The Biden administration is pushing for sweeping measures to combat the proliferation of nonconsensual sexual AI-generated images, including controversial proposals that could lead to extensive on-device surveillance and control of the types of images generated. In a White House press release, President Joe Biden’s administration outlined demands for the tech industry and financial institutions to curb the creation and distribution of abusive sexual images made with artificial intelligence (AI).

A key focus of these measures is the use of on-device technology to prevent the sharing of nonconsensual sexual images. The administration stated that “mobile operating system developers could enable technical protections to better protect content stored on digital devices and to prevent image sharing without consent.”

This proposal implies that mobile operating systems would need to scan and analyze images directly on users’ devices to determine if they are sexual or non-consensual. The implications of such surveillance raise significant privacy concerns, as it involves monitoring and analyzing private content stored on personal devices.

Additionally, the administration is calling on mobile app stores to “commit to instituting requirements for app developers to prevent the creation of non-consensual images.” This broad mandate would require a wide range of apps, including image editing and drawing apps, to scan and monitor user activities on devices, analyze what art they’re creating and block the creation of certain kinds of content.
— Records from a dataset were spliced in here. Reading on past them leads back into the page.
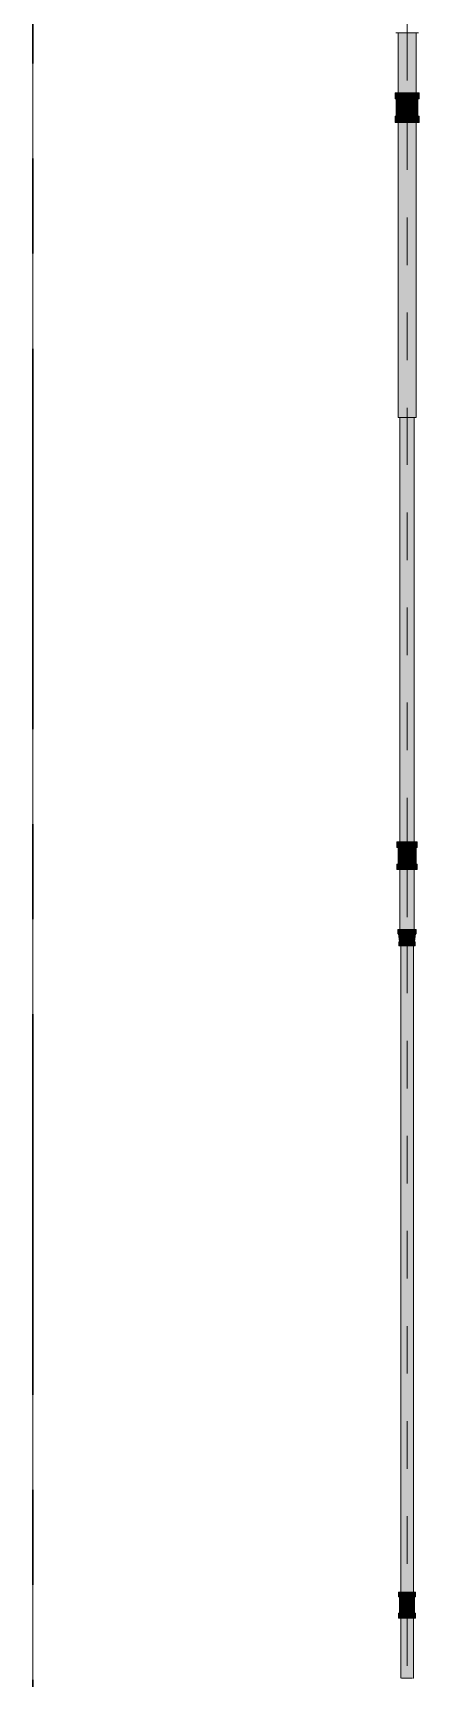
# Model space of a CAD drawing. Header units: millimetres. Extents: x -4000 to 187956, y -58990 to 162485.
# Drawn here: x 13000 to 14290, y 58956 to 64450 of the extents above; entities that cross this region are included whole.
import ezdxf

# ---------------------------------------------------------------- set-up
doc = ezdxf.new("R2010")
doc.units = ezdxf.units.MM
for name, pattern in [('Dash 1_16_', [317.5, 158.75, -158.75]), ('Grid Line', [2222.5, 1270, -317.5, 317.5, -317.5]), ('Grid Line 12_5mm', [2150, 1250, -300, 300, -300])]:
    doc.linetypes.add(name, pattern=pattern)
for name, color, linetype, lineweight in [('F-SPRN', 3, 'Continuous', 9), ('P-PIPE', 3, 'Continuous', 9), ('P-PIPE-CNTR', 3, 'Continuous', 9), ('S-GRID', 1, 'Continuous', 30)]:
    doc.layers.add(name, color=color, linetype=linetype, lineweight=lineweight)

# ---------------------------------------------------------------- blocks, each defined once
blk = doc.blocks.new('CMF2_NHAXUONG_A_rvt-1-FFS - TANG 1')
at = {"layer": 'S-GRID', "linetype": 'Grid Line 12_5mm', "lineweight": 9}
blk.add_line((13000, 161185.2), (13000, -16487.4), dxfattribs=at)
blk.add_line((13000, 161185.2), (13000, -16487.4), dxfattribs=at)
blk = doc.blocks.new('Sprinkler_Up - DN20-V959-FFS - TANG 1')
at = {"layer": 'F-SPRN', "transparency": 33554534}
for points in [[(-3.4, 21.2), (-6.9, 21.2), (-18, 13.1), (-22.2, 0), (-3.9, 0.7), (-1.7, 2.9), (-1.2, 3.5), (-0.6, 4), (0.6, 4), (1.2, 3.5), (1.7, 2.9), (4.6, 0), (22.2, 0), (18, 13.1), (6.9, 21.2), (0, 21.2)], [(0, 16.7), (-4.3, 16.1), (-11.8, 11.8), (-16.1, 4.3), (-16.1, -4.3), (-11.8, -11.8), (-8.3, -14.4), (0, -16.7), (4.3, -16.1), (11.8, -11.8), (16.1, -4.3), (16.1, 4.3), (11.8, 11.8), (8.3, 14.4)], [(0, 15.6), (-7.8, 13.5), (-12.1, 9.3), (-15.1, 4), (-15.1, -4), (-11, -11), (-7.8, -13.5), (0, -15.6), (7.8, -13.5), (13.5, -7.8), (15.1, -4), (15.1, 4), (12.1, 9.3), (7.8, 13.5)], [(-10.9, 5.4), (-14.5, 5.4), (-14.5, -5.5), (-10.9, -5.5)], [(-7.7, 5.4), (-10.9, 5.4), (-10.9, -5.5), (-7.7, -5.5)], [(-7.7, 5.4), (-7.7, -5.5), (0, -5.5), (0, 5.4)], [(2.9, 4.9), (-2.9, 4.9), (-5.7, 0), (5.7, 0)], [(0, 4.6), (-4.6, 0), (4.6, 0)], [(0, 2.6), (-1.3, 0), (1.8, 0)], [(7.7, 5.4), (0, 5.4), (0, -5.5), (7.7, -5.5)], [(7.7, 5.4), (7.7, -5.5), (10.9, -5.5), (10.9, 5.4)], [(10.9, 5.4), (10.9, -5.5), (14.5, -5.5), (14.5, 5.4)], [(13.5, 0), (3.9, -0.7), (1.7, -2.9), (1.2, -3.5), (0.6, -4), (-0.6, -4), (-1.2, -3.5), (-1.7, -2.9), (-4.6, 0), (-22.2, 0), (-18, -13.1), (-6.9, -21.2), (6.9, -21.2), (18, -13), (22.2, 0), (18, 0)], [(0, 0), (-5.7, 0), (-2.9, -4.9), (2.9, -4.9), (5.7, 0)], [(4.6, 0), (-4.6, 0), (0, -4.6)], [(1.3, 0), (-1.8, 0), (0, -2.6)]]:
    blk.add_hatch(color=1, dxfattribs=at).paths.add_polyline_path(points)
at = {"layer": 'F-SPRN', "color": 1}
for p, q in [((-11.5, 5.4), (-14.5, 5.4)), ((-14.5, 5.4), (-10.9, 5.4)), ((-14.5, 5.4), (-14.5, -5.5)), ((-11.5, 5.4), (-11.5, 4)), ((-11.5, 3), (-11.5, 0.2)), ((-10.9, 0.2), (-10.9, 3.6)), ((-10.8, 5.4), (-7.7, 5.4)), ((-8.1, 5.4), (-10.8, 5.4)), ((-8.1, 5.4), (-8.1, 2.8)), ((-8.1, 2.5), (-8.1, 0.4)), ((-7.7, 5.4), (-7.7, 2.7)), ((-7.7, 5.4), (-7.7, 2.7)), ((-7.7, 2.3), (-7.7, 0.5)), ((-7.7, 2.3), (-7.7, 0.5)), ((-6.9, 5.4), (-4.7, 5.4)), ((-5.8, 3.8), (-5.8, 2.2)), ((-2.1, 0), (-2.1, 0)), ((0, 2.1), (-0.1, 2.1)), ((2.1, 0), (2.1, 0.1)), ((4.7, 5.4), (6.9, 5.4)), ((5.8, 3.8), (5.8, 2.3)), ((7.7, 5.4), (10.8, 5.4)), ((7.7, 4), (7.7, 2.7)), ((7.7, 4), (7.7, 2.7)), ((10.8, 5.4), (8.1, 5.4)), ((8.1, 5.4), (8.1, 4.2)), ((10.9, 2.6), (10.9, 1.3)), ((11.5, 5.4), (14.5, 5.4)), ((14.5, 5.4), (11.5, 5.4)), ((14.5, 3.7), (14.5, 1.3)), ((14.5, 0), (14.5, -3.3)), ((-10.9, -5.5), (-14.5, -5.5)), ((-14.5, -5.5), (-11.5, -5.5)), ((-11.5, -0.2), (-11.5, -3)), ((-11.5, -4), (-11.5, -5.5)), ((-10.9, -3.6), (-10.9, -0.2)), ((-10.8, -5.5), (-8.1, -5.5)), ((-7.8, -5.5), (-10.8, -5.5)), ((-8.1, -0.4), (-8.1, -2.5)), ((-8.1, -2.8), (-8.1, -5.5)), ((-7.7, -0.5), (-7.7, -2.3)), ((-7.7, -0.5), (-7.7, -2.3)), ((-7.7, -2.7), (-7.7, -5.2)), ((-7.7, -2.7), (-7.7, -5.2)), ((-4.8, -5.5), (-6.5, -5.5)), ((-2.1, 0), (-2.1, -0.1)), ((-0.1, -2.1), (0, -2.1)), ((0, -2.1), (0.1, -2.1)), ((0.5, -2), (0.6, -2)), ((0.6, -2), (0.6, -2)), ((2.1, 0), (2.1, 0)), ((6.8, -5.5), (4.8, -5.5)), ((5.8, -2.2), (5.8, -3.8)), ((7.7, -0.5), (7.7, -2.1)), ((7.7, -0.5), (7.7, -2.1)), ((7.7, -2.7), (7.7, -4.8)), ((7.7, -2.7), (7.7, -4.8)), ((8.1, -0.7), (8.1, -2.5)), ((8.1, -2.8), (8.1, -5.5)), ((8.1, -5.5), (10.8, -5.5)), ((10.8, -5.5), (8.1, -5.5)), ((10.9, -1.9), (10.9, -3.6)), ((14.5, -5.5), (11.3, -5.5)), ((11.5, -4), (11.5, -5.5)), ((11.5, -5.5), (14.5, -5.5)), ((14.5, -3.7), (14.5, -5.5))]:
    blk.add_line(p, q, dxfattribs=at)
at = {"layer": 'F-SPRN', "color": 1, "flags": 128}
for points in [[(-0.1, 2.1), (-0.1, 2.1), (-0.2, 2.1), (-0.3, 2.1), (-0.4, 2), (-0.5, 2), (-0.6, 2), (-0.6, 2), (-0.7, 2), (-0.8, 1.9), (-0.9, 1.9), (-0.9, 1.9), (-1, 1.8), (-1.1, 1.8), (-1.2, 1.7), (-1.2, 1.7), (-1.3, 1.6), (-1.4, 1.6), (-1.4, 1.5), (-1.5, 1.5), (-1.5, 1.4), (-1.6, 1.3), (-1.6, 1.3), (-1.7, 1.2), (-1.7, 1.1), (-1.8, 1.1), (-1.8, 1), (-1.9, 0.9), (-1.9, 0.8), (-1.9, 0.8), (-2, 0.7), (-2, 0.6), (-2, 0.5), (-2, 0.5), (-2, 0.4), (-2.1, 0.3), (-2.1, 0.2), (-2.1, 0.1), (-2.1, 0)], [(2.1, 0.3), (2, 0.4), (2, 0.5), (2, 0.6), (2, 0.7), (1.9, 0.7), (1.9, 0.8), (1.9, 0.9), (1.8, 1), (1.8, 1), (1.8, 1.1), (1.7, 1.2), (1.7, 1.2), (1.6, 1.3), (1.6, 1.4), (1.5, 1.4), (1.4, 1.5), (1.4, 1.5), (1.3, 1.6), (1.3, 1.7), (1.2, 1.7), (1.1, 1.7), (1.1, 1.8), (1, 1.8), (0.9, 1.9), (0.8, 1.9), (0.8, 1.9), (0.7, 2), (0.6, 2), (0.5, 2), (0.4, 2), (0.4, 2), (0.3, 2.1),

Once this technology of on-device monitoring becomes normalized, this level of scrutiny could extend beyond the initial intent, potentially leading to censorship of other types of content that the administration finds objectionable.

The administration’s call to action extends to various sectors, including AI developers, payment processors, financial institutions, cloud computing providers, search engines, and mobile app store gatekeepers like Apple and Google. By encouraging cooperation from these entities, the White House hopes to curb the creation, spread, and monetization of nonconsensual AI images.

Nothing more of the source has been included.